3. Engineered Serendipity
Everyone who is a fan of Apple and follows its best practices, would have heard the story of how Steve Jobs designed the Pixar building and would remember that he put the restrooms in the middle.
Steve Jobs truly understood that innovation is connections of ideas, and these ideas reside in different minds. If one could bring the people closer literally, one brings the ideas closer and the probability of ideas connecting is far higher.
Rarely does an organisation think that their physical design makes them more or less innovative. Most of them still follow industrial design approach, so few enlightened ones who have adopted the open office design have also got it wrong.
It is not about open office or boxed office, it is much more than that.
The design is about creating conversations and not in interfering in private mind-spaces or interrupting work-spaces.
Plan for conversations and not random visibility or entertainment. As Steve Jobs had understood by connecting people repeatedly in occasions that encourage small talk, employees eventually talk work because, if one was to draw a Venn diagram, is what is common between them.
4. Continuous Challenge
Employees are like athletes, they also need to train themselves though the months, seasons, years, before they perform before the crowds.
Without the training, employees are the mute untrained gladiators thrown in front of the lions for the entertainment of the baying crowds.
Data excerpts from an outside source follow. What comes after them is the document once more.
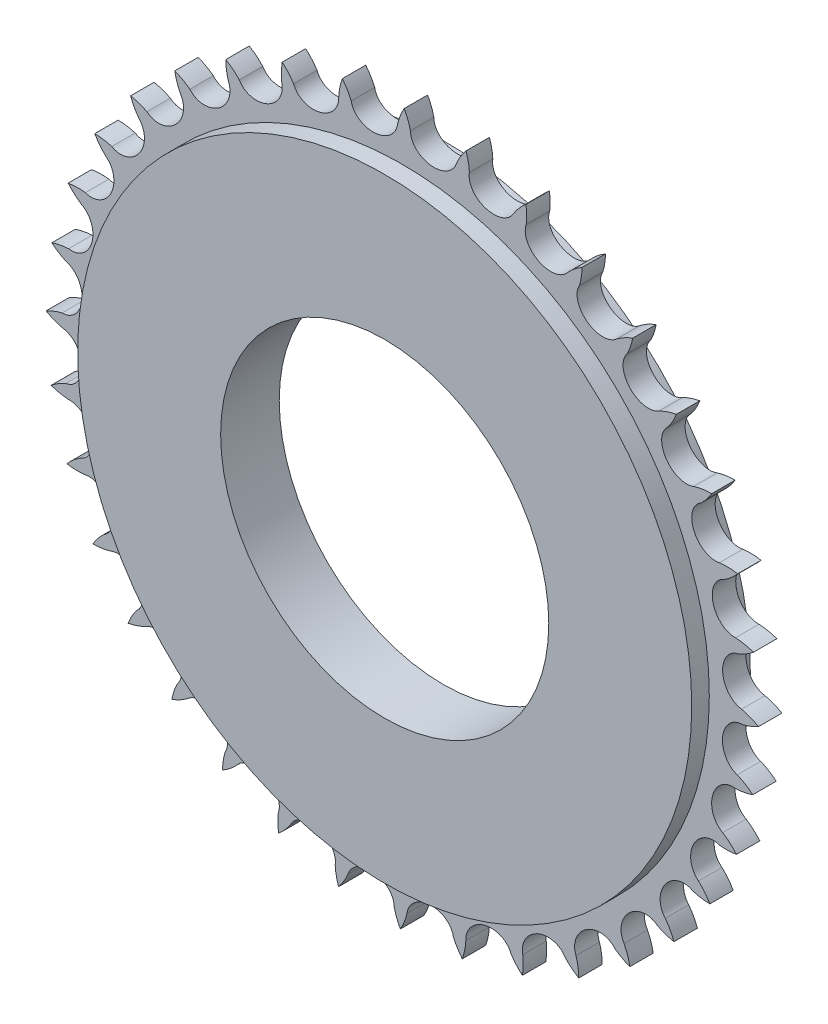
from build123d import *

# Parameters (mm, degrees)
SKETCH1_R           = 35
BOSS_EXTRUDE1_DEPTH = 2.5
SKETCH2_R           = 65.5
SKETCH2_R_2         = 35
BOSS_EXTRUDE2_DEPTH = 6.25


with BuildPart() as part:
    # Sketch1 → Boss-Extrude1 (new, symmetric)
    with BuildSketch(Plane.XY):
        with BuildLine():
            ThreePointArc((14.312905663, 71.168394833), (14.082724944, 72.996610627), (13.596372675, 74.77391691))
            ThreePointArc((13.596372675, 74.77391691), (12.458797356, 73.189476577), (11.571086117, 71.452669872))
            add(Edge.make_bspline(
                [(6.714453556, 68.295982547), (10.582574124, 68.27534589), (11.571086117, 71.452669872)],
                knots=[4.71238898, 4.71238898, 4.71238898, 6.02930256, 6.02930256, 6.02930256], degree=2, weights=[1, 0.790937459, 1]))
            add(Edge.make_bspline(
                [(1.737198395, 72.572596986), (1.714524712, 68.322657469), (6.714453556, 68.295982547)],
                knots=[3.141592654, 3.141592654, 3.141592654, 4.71238898, 4.71238898, 4.71238898], degree=2, weights=[1, 0.707106781, 1]))
            ThreePointArc((1.737198395, 72.572596986), (1.193048297, 74.333067612), (0.405458815, 75.998918434))
            ThreePointArc((0.405458815, 75.998918434), (-0.439699002, 74.241011429), (-1.012330594, 72.376441281))
            add(Edge.make_bspline(
                [(-5.247026992, 68.424365736), (-1.434088349, 69.075734684), (-1.012330594, 72.376441281)],
                knots=[4.71238898, 4.71238898, 4.71238898, 6.02930256, 6.02930256, 6.02930256], degree=2, weights=[1, 0.790937459, 1]))
            add(Edge.make_bspline(
                [(-10.891292767, 71.771717504), (-10.175627734, 67.582406873), (-5.247026992, 68.424365736)],
                knots=[0, 0, 0, 1.570796327, 1.570796327, 1.570796327], degree=2, weights=[1, 0.707106781, 1]))
            ThreePointArc((-10.891292767, 71.771717504), (-11.732878518, 73.410951952), (-12.797774707, 74.914731279))
            ThreePointArc((-12.797774707, 74.914731279), (-13.324835329, 73.036770716), (-13.564988152, 71.101091146))
            add(Edge.make_bspline(
                [(-17.04907928, 66.473709196), (-13.407176773, 67.777292233), (-13.564988152, 71.101091146)],
                knots=[4.71238898, 4.71238898, 4.71238898, 6.02930256, 6.02930256, 6.02930256], degree=2, weights=[1, 0.790937459, 1]))
            add(Edge.make_bspline(
                [(-23.18885751, 68.790090703), (-21.75659888, 64.788699043), (-17.04907928, 66.473709196)],
                knots=[0, 0, 0, 1.570796327, 1.570796327, 1.570796327], degree=2, weights=[1, 0.707106781, 1]))
            ThreePointArc((-23.18885751, 68.790090703), (-24.302307757, 70.258281665), (-25.612154319, 71.554297922))
            ThreePointArc((-25.612154319, 71.554297922), (-25.805103277, 69.613344683), (-25.705480409, 67.665370336))
            add(Edge.make_bspline(
                [(-28.333103921, 62.50328264), (-24.972894916, 64.419471055), (-25.705480409, 67.665370336)],
                knots=[4.71238898, 4.71238898, 4.71238898, 6.02930256, 6.02930256, 6.02930256], degree=2, weights=[1, 0.790937459, 1]))
            add(Edge.make_bspline(
                [(-34.781840551, 63.718311806), (-32.676506779, 60.026419378), (-28.333103921, 62.50328264)],
                knots=[0, 0, 0, 1.570796327, 1.570796327, 1.570796327], degree=2, weights=[1, 0.707106781, 1]))
            ThreePointArc((-34.781840551, 63.718311806), (-36.133323673, 64.970849042), (-37.648321583, 66.019723431))
            ThreePointArc((-37.648321583, 66.019723431), (-37.50129622, 64.074752399), (-37.064924652, 62.173671488))
            add(Edge.make_bspline(
                [(-38.756241537, 56.633725469), (-35.779824283, 59.104296847), (-37.064924652, 62.173671488)],
                knots=[4.71238898, 4.71238898, 4.71238898, 6.02930256, 6.02930256, 6.02930256], degree=2, weights=[1, 0.790937459, 1]))
            add(Edge.make_bspline(
                [(-45.317994968, 56.710484248), (-42.603555554, 53.440267334), (-38.756241537, 56.633725469)],
                knots=[3.141592654, 3.141592654, 3.141592654, 4.71238898, 4.71238898, 4.71238898], degree=2, weights=[1, 0.707106781, 1]))
            ThreePointArc((-45.317994968, 56.710484248), (-46.866446833, 57.709310048), (-48.540563647, 58.479173052))
            ThreePointArc((-48.540563647, 58.479173052), (-48.058031254, 56.589281186), (-47.298169915, 54.792857093))
            add(Edge.make_bspline(
                [(-48.001790366, 49.043381207), (-45.499601795, 51.993268487), (-47.298169915, 54.792857093)],
                knots=[4.71238898, 4.71238898, 4.71238898, 6.02930256, 6.02930256, 6.02930256], degree=2, weights=[1, 0.790937459, 1]))
            add(Edge.make_bspline(
                [(-54.47718504, 47.979537323), (-51.236116852, 45.23035981), (-48.001790366, 49.043381207)],
                knots=[0, 0, 0, 1.570796327, 1.570796327, 1.570796327], degree=2, weights=[1, 0.707106781, 1]))
            ThreePointArc((-54.47718504, 47.979537323), (-56.175556721, 48.69430287), (-57.957925247, 49.161762591))
            ThreePointArc((-57.957925247, 49.161762591), (-57.154547327, 47.3843733), (-56.094284219, 45.747189463))
            add(Edge.make_bspline(
                [(-55.788829084, 39.962878625), (-53.836896931, 43.302450974), (-56.094284219, 45.747189463)],
                knots=[4.71238898, 4.71238898, 4.71238898, 6.02930256, 6.02930256, 6.02930256], degree=2, weights=[1, 0.790937459, 1]))
            add(Edge.make_bspline(
                [(-61.981113411, 37.790756435), (-58.311894666, 35.64615069), (-55.788829084, 39.962878625)],
                knots=[0, 0, 0, 1.570796327, 1.570796327, 1.570796327], degree=2, weights=[1, 0.707106781, 1]))
            ThreePointArc((-61.981113411, 37.790756435), (-63.777800745, 38.19974394), (-65.614264617, 38.350596851))
            ThreePointArc((-65.614264617, 38.350596851), (-64.514451401, 36.739715208), (-63.186002082, 35.311516629))
            add(Edge.make_bspline(
                [(-61.880752461, 29.668124198), (-60.538385196, 33.2959104), (-63.186002082, 35.311516629)],
                knots=[1.570796327, 1.570796327, 1.570796327, 2.887709906, 2.887709906, 2.887709906], degree=2, weights=[1, 0.790937459, 1]))
            add(Edge.make_bspline(
                [(-67.601777015, 26.453722536), (-63.615895068, 24.978851319), (-61.880752461, 29.668124198)],
                knots=[0, 0, 0, 1.570796327, 1.570796327, 1.570796327], degree=2, weights=[1, 0.707106781, 1]))
            ThreePointArc((-67.601777015, 26.453722536), (-69.442188566, 26.54450512), (-71.276947758, 26.374167631))
            ThreePointArc((-71.276947758, 26.374167631), (-69.914116515, 24.978739462), (-68.357845246, 23.802921231))
            add(Edge.make_bspline(
                [(-66.092460487, 18.47191883), (-65.40044526, 22.277690438), (-68.357845246, 23.802921231)],
                knots=[4.71238898, 4.71238898, 4.71238898, 6.02930256, 6.02930256, 6.02930256], degree=2, weights=[1, 0.790937459, 1]))
            add(Edge.make_bspline(
                [(-71.168394833, 14.312905663), (-66.98695869, 13.552582191), (-66.092460487, 18.47191883)],
                knots=[0, 0, 0, 1.570796327, 1.570796327, 1.570796327], degree=2, weights=[1, 0.707106781, 1]))
            ThreePointArc((-71.168394833, 14.312905663), (-72.996610627, 14.082724944), (-74.77391691, 13.596372675))
            ThreePointArc((-74.77391691, 13.596372675), (-73.189476577, 12.458797356), (-71.452669872, 11.571086117))
            add(Edge.make_bspline(
                [(-68.295982547, 6.714453556), (-68.27534589, 10.582574124), (-71.452669872, 11.571086117)],
                knots=[4.71238898, 4.71238898, 4.71238898, 6.02930256, 6.02930256, 6.02930256], degree=2, weights=[1, 0.790937459, 1]))
            add(Edge.make_bspline(
                [(-72.572596986, 1.737198395), (-68.322657469, 1.714524712), (-68.295982547, 6.714453556)],
                knots=[3.141592654, 3.141592654, 3.141592654, 4.71238898, 4.71238898, 4.71238898], degree=2, weights=[1, 0.707106781, 1]))
            ThreePointArc((-72.572596986, 1.737198395), (-74.333067612, 1.193048297), (-75.998918434, 0.405458815))
            ThreePointArc((-75.998918434, 0.405458815), (-74.241011429, -0.439699002), (-72.376441281, -1.012330594))
            add(Edge.make_bspline(
                [(-68.424365735, -5.247026992), (-69.075734684, -1.434088349), (-72.376441281, -1.012330594)],
                knots=[1.570796327, 1.570796327, 1.570796327, 2.887709906, 2.887709906, 2.887709906], degree=2, weights=[1, 0.790937459, 1]))
            add(Edge.make_bspline(
                [(-71.771717504, -10.891292767), (-67.582406873, -10.175627734), (-68.424365735, -5.247026992)],
                knots=[0, 0, 0, 1.570796327, 1.570796327, 1.570796327], degree=2, weights=[1, 0.707106781, 1]))
            ThreePointArc((-71.771717504, -10.891292767), (-73.410951952, -11.732878518), (-74.914731279, -12.797774707))
            ThreePointArc((-74.914731279, -12.797774707), (-73.036770716, -13.324835329), (-71.101091146, -13.564988152))
            add(Edge.make_bspline(
                [(-66.473709196, -17.04907928), (-67.777292233, -13.407176773), (-71.101091146, -13.564988152)],
                knots=[1.570796327, 1.570796327, 1.570796327, 2.887709906, 2.887709906, 2.887709906], degree=2, weights=[1, 0.790937459, 1]))
            add(Edge.make_bspline(
                [(-68.790090703, -23.18885751), (-64.788699043, -21.75659888), (-66.473709196, -17.04907928)],
                knots=[0, 0, 0, 1.570796327, 1.570796327, 1.570796327], degree=2, weights=[1, 0.707106781, 1]))
            ThreePointArc((-68.790090703, -23.18885751), (-70.258281665, -24.302307757), (-71.554297922, -25.612154319))
            ThreePointArc((-71.554297922, -25.612154319), (-69.613344683, -25.805103277), (-67.665370336, -25.705480409))
            add(Edge.make_bspline(
                [(-62.50328264, -28.333103921), (-64.419471055, -24.972894916), (-67.665370336, -25.705480409)],
                knots=[4.71238898, 4.71238898, 4.71238898, 6.02930256, 6.02930256, 6.02930256], degree=2, weights=[1, 0.790937459, 1]))
            add(Edge.make_bspline(
                [(-63.718311806, -34.781840551), (-60.026419378, -32.676506779), (-62.50328264, -28.333103921)],
                knots=[0, 0, 0, 1.570796327, 1.570796327, 1.570796327], degree=2, weights=[1, 0.707106781, 1]))
            ThreePointArc((-63.718311806, -34.781840551), (-64.970849042, -36.133323673), (-66.019723431, -37.648321583))
            ThreePointArc((-66.019723431, -37.648321583), (-64.074752399, -37.50129622), (-62.173671488, -37.064924652))
            add(Edge.make_bspline(
                [(-56.633725469, -38.756241537), (-59.104296847, -35.779824283), (-62.173671488, -37.064924652)],
                knots=[4.71238898, 4.71238898, 4.71238898, 6.02930256, 6.02930256, 6.02930256], degree=2, weights=[1, 0.790937459, 1]))
            add(Edge.make_bspline(
                [(-56.710484248, -45.317994968), (-53.440267334, -42.603555554), (-56.633725469, -38.756241537)],
                knots=[3.141592654, 3.141592654, 3.141592654, 4.71238898, 4.71238898, 4.71238898], degree=2, weights=[1, 0.707106781, 1]))
            ThreePointArc((-56.710484248, -45.317994968), (-57.709310048, -46.866446833), (-58.479173052, -48.540563647))
            ThreePointArc((-58.479173052, -48.540563647), (-56.589281186, -48.058031254), (-54.792857093, -47.298169915))
            add(Edge.make_bspline(
                [(-49.043381207, -48.001790366), (-51.993268487, -45.499601795), (-54.792857093, -47.298169915)],
                knots=[1.570796327, 1.570796327, 1.570796327, 2.887709906, 2.887709906, 2.887709906], degree=2, weights=[1, 0.790937459, 1]))
            add(Edge.make_bspline(
                [(-47.979537323, -54.47718504), (-45.23035981, -51.236116852), (-49.043381207, -48.001790366)],
                knots=[0, 0, 0, 1.570796327, 1.570796327, 1.570796327], degree=2, weights=[1, 0.707106781, 1]))
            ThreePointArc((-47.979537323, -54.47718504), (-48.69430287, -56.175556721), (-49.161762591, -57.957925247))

There will be lots of noise and screams but would result only in unwarranted but expected mayhem.
Practice innovation even when it is not necessary.
Challenge your employees. Train them to work in teams. Let them learn the rules of innovation, innovatively. Teach them the constraints, allow them to scrape resources. Practice makes perfect.
These could be real or imagined challenges. These could be big or small challenges. the focus here is on the methodology and not necessarily the output.
Write to us at ask@thinksimplr.com if you want our Internal Innovation Challenges Kit
5. Enable Expressions
Any organisation is made up of employees with different personalities, some are introvert and others are extrovert. And along with that there are natural hierarchies in every organisations. All these create hesitations, doubts, egos, beliefs, cultures, mores and norms.
As much as thinking ideas is an art, presenting the ideas is an equally delicate science.
Don’t just train your employees to think ideas, also focus and plan for the process of presenting the ideas. There is much training required at every level on enabling expressions. This will include, how leaders receive ideas, how employees present ideas to the management, peers, functional heads, how gatekeepers are trained to evaluate ideas, when to evaluate, how to evaluate, who to evaluate. Each of these ladders impact the eventual output. The concept of psychological safety is best understood in the expression stage. To present ideas without the fear of ridicule, to accept ideas without hurting self-ego, select ideas with an understanding of inherent mental biases, are all skills developed through learning, training and practice.
In a nutshell, innovation is a delicate balance which needs to be nurtured through experience and expertise.